▶ [Task to carry out] Pull out every line below containing the word "TypeOptions".

Dataset entries
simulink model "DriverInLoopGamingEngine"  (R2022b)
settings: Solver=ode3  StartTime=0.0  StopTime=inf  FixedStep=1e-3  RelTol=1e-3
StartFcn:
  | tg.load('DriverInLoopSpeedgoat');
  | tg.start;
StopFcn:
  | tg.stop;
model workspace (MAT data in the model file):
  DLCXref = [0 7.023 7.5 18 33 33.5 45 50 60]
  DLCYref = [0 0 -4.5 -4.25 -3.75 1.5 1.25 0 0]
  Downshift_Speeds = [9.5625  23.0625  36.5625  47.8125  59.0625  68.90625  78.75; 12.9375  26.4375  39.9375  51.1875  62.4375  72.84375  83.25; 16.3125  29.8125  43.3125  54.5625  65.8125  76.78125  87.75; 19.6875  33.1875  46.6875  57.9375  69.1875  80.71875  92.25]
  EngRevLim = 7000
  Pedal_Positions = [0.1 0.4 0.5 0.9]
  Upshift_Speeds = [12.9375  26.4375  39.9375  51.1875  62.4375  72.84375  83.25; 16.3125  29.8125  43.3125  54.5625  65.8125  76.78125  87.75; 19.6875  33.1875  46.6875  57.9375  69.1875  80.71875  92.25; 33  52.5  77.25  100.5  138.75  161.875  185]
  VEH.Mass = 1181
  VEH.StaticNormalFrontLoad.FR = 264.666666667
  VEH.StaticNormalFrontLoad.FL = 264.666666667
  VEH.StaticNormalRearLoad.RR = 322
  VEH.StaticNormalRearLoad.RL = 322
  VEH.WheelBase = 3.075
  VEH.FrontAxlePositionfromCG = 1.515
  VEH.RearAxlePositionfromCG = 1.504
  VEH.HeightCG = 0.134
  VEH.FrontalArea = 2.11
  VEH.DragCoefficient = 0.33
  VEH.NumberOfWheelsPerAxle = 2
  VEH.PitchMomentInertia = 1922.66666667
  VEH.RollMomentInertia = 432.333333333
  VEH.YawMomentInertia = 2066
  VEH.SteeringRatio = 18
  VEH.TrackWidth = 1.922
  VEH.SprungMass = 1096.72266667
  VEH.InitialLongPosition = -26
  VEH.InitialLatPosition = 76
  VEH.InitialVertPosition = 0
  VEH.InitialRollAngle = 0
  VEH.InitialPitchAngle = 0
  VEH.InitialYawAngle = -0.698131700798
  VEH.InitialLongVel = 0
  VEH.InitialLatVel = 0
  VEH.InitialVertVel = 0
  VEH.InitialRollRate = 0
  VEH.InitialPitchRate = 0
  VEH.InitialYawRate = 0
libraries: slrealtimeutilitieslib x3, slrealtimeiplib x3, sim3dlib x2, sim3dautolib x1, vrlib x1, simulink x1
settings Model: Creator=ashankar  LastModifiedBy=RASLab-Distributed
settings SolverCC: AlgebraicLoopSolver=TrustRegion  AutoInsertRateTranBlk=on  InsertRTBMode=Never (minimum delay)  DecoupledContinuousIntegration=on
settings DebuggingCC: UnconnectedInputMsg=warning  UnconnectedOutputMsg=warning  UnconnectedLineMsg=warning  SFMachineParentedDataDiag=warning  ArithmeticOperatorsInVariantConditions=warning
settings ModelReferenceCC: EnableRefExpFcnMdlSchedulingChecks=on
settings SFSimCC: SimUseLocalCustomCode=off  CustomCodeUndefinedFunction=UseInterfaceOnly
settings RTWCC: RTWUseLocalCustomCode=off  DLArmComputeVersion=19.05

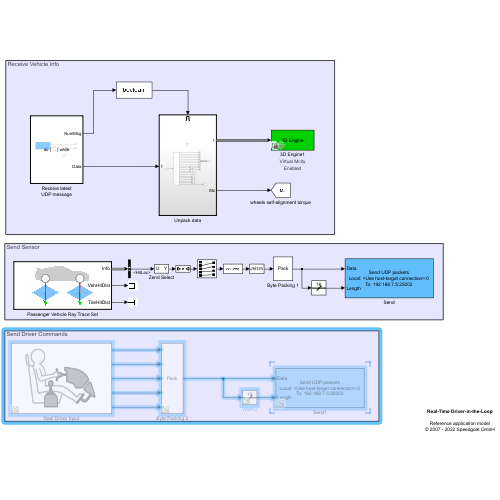
[thumbnail: Simulink's stored preview of the top-level diagram]
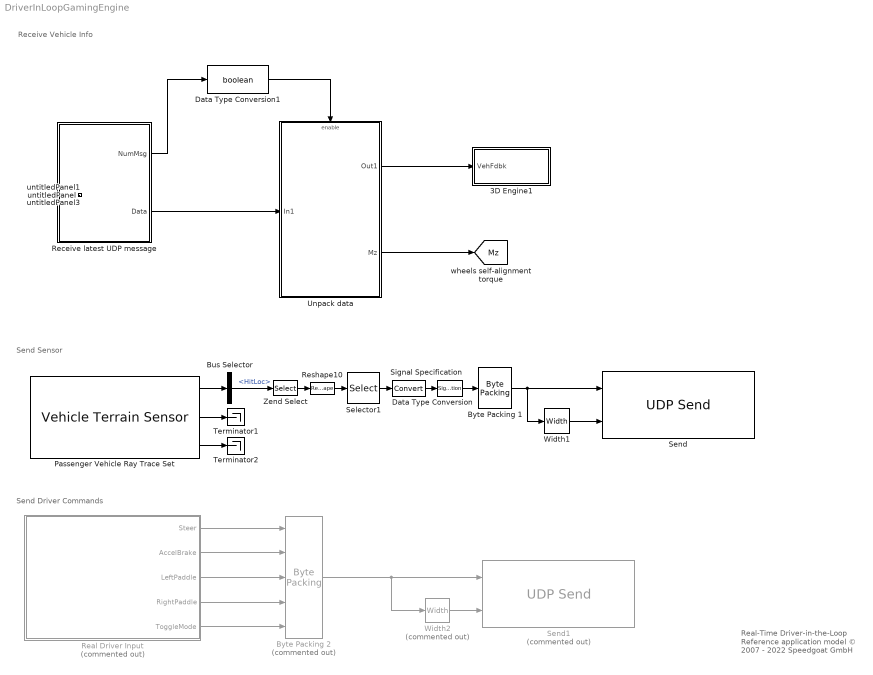
== system DriverInLoopGamingEngine ==
  note: Send Sensor
  note: Receive Vehicle Info
  note: Send Driver Commands
  note: Real-Time Driver-in-the-Loop
      |
      | Reference application model
      | © 2007 - 2022 Speedgoat GmbH
  3D Engine1 : Subsystem  Variant=on  VariantControlMode=label  LabelModeActiveChoice=1  mask(3D Engine){engine3D=Enabled, SceneDesc=Virtual Mcity, dt3D=0.02, defaultPos=Recommended for scene, X_o=-26.0, Y_o=76.0, Z_o=0.0, phi_o=0, theta_o=0, psi_o=-40*pi/180}
      mask prompts: engine3D "3D Engine"; SceneDesc "Scene:"; dt3D "Engine frame rate, dt3D [s]:"; X_o "Initial longitudinal position, X_o [m]:"; Y_o "Initial lateral position, Y_o [m]:"; Z_o "Initial vertical position, Z_o [m]:"; phi_o "Initial roll angle, phi_o [rad]:"; theta_o "Initial pitch angle, theta_o [rad]:"; psi_o "Initial yaw angle, psi_o [rad]:"
      mask help: This subsystem contains the interface blocks which permit the display of the vehicle in the 3D virtual environment. Enable it to view the simulation progress, disable it to inhibit the display.
      mask init:
      | switch get_param(gcb,'engine3D')
      |     case 'Disabled'
      |         set_param(gcb,'OverrideUsingVariant','0')
      |         try
      |             set_param([bdroot '/Environment/Ground Feedback'],'OverrideUsingVariant','0')
      |         catch
      |             disp('Warning: No ground feedback sensor not set')
      |         end
      |     case 'Enabled'
      |         set_param(gcb,'OverrideUsingVariant','1')
      |         try
      |             set_param([bdroot '/Environment/Ground Feedback'],'OverrideUsingVariant','1')
      |         catch
      |             disp('Warning: No ground feedback sensor not set')
      |         end
      |     otherwise
      |         set_param(gcb,'OverrideUsingVariant','0')
      | end
      settings: AttributesFormatString=|
      | %<SceneDesc>
      | %<engine3D>
      mask Help: eval('vdynblkshelp(''vdynblks3dengine'')');
      mask TypeOptions engine3D: Enabled | Disabled
      mask Callback engine3D:
      | switch get_param(gcb,'engine3D')
      |     case 'Disabled'
      |         set_param(gcb,'OverrideUsingVariant','0')
      |     case 'Enabled'
      |        set_param(gcb,'OverrideUsingVariant','1')
      |     otherwise
      |        set_param(gcb,'OverrideUsingVariant','0')
      | end
      mask TypeOptions SceneDesc: 3D Engine/Simulation 3D Scene Configuration/SceneDesc
      mask Callback SceneDesc:
      | defaultStatus = get_param(gcb,'defaultPos');
      | if strcmp(defaultStatus,'Recommended for scene')
      | sceneType = get_param(gcb,'SceneDesc');
      | switch sceneType
      |     case 'Straight road'
      |         set_param(gcb,'X_o', '-118')
      |         set_param(gcb,'Y_o', '3.125')
      |         set_param(gcb,'Z_o', '0')
      |         set_param(gcb,'phi_o', '0')
      |         set_param(gcb,'theta_o', '0')
      |         set_param(gcb,'psi_o', '0')
      |     case 'Curved road'
      |         set_param(gcb,'X_o', '0.2')
      |         set_param(gcb,'Y_o', '-1605.0')
      |         set_param(gcb,'Z_o', '0')
      |         set_param(gcb,'phi_o', '0')
      |         set_param(gcb,'theta_o', '0')
      |         set_param(gcb,'psi_o', '-156*pi/180')
      |     case 'Parking lot'
      |         set_param(gcb,'X_o', '-104.0')
      |         set_param(gcb,'Y_o', '-9.7')
      |         set_param(gcb,'Z_o', '0')
      |         set_param(gcb,'phi_o', '0')
      |         set_param(gcb,'theta_o', '0')
      |         set_param(gcb,'psi_o', '0')
      |     case 'Double lane change'
      |         set_param(gcb,'X_o', '0')
      |         set_param(gcb,'Y_o', '3.125')
      |         set_param(gcb,'Z_o', '0')
      |         set_param(gcb,'phi_o', '0')
      |         set_param(gcb,'theta_o', '0')
      |         set_param(gcb,'psi_o', '0')
      |     case 'Open surface'
      |         set_param(gcb,'X_o', '0')
      |         set_param(gcb,'Y_o', '0')
      |         set_param(gcb,'Z_o', '0')
      |         set_param(gcb,'phi_o', '0')
      |         set_param(gcb,'theta_o', '0')
      |         set_param(gcb,'psi_o', '0')
      |     case 'US highway'
      |         set_param(gcb,'X_o', '3592.00')
      |         set_param(gcb,'Y_o', '2617.00')
      |         set_param(gcb,'Z_o', '-1.0')
      |         set_param(gcb,'phi_o', '0')
      |         set_param(gcb,'theta_o', '0')
      |         set_param(gcb,'psi_o', '0')
      |     case 'US city block'
      |         set_param(gcb,'X_o', '-125.19')
      |         set_param(gcb,'Y_o', '1.65')
      |         set_param(gcb,'Z_o', '-0.04')
      |         set_param(gcb,'phi_o', '0')
      |         set_param(gcb,'theta_o', '0')
      |         set_param(gcb,'psi_o', '0')
      |     case 'Large parking lot'
      |         set_param(gcb,'X_o', '45.0')
      |         set_param(gcb,'Y_o', '54.7')
      |         set_param(gcb,'Z_o', '0.0')
      |         set_param(gcb,'phi_o', '0')
      |         set_param(gcb,'theta_o', '0')
      |         set_param(gcb,'psi_o', '-pi/2')
      |     case 'Virtual Mcity'
      |         set_param(gcb,'X_o', '-26.0')
      |         set_param(gcb,'Y_o', '76.0')
      |         set_param(gcb,'Z_o', '0.0')
      |         set_param(gcb,'phi_o', '0')
      |         set_param(gcb,'theta_o', '0')
      |         set_param(gcb,'psi_o', '-40*pi/180')
      |     otherwise
      |         set_param(gcb,'X_o', '0')
      |         set_param(gcb,'Y_o', '0')
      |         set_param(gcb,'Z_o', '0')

▶ [Exercise solution]
      mask TypeOptions engine3D: Enabled | Disabled
      mask TypeOptions SceneDesc: 3D Engine/Simulation 3D Scene Configuration/SceneDesc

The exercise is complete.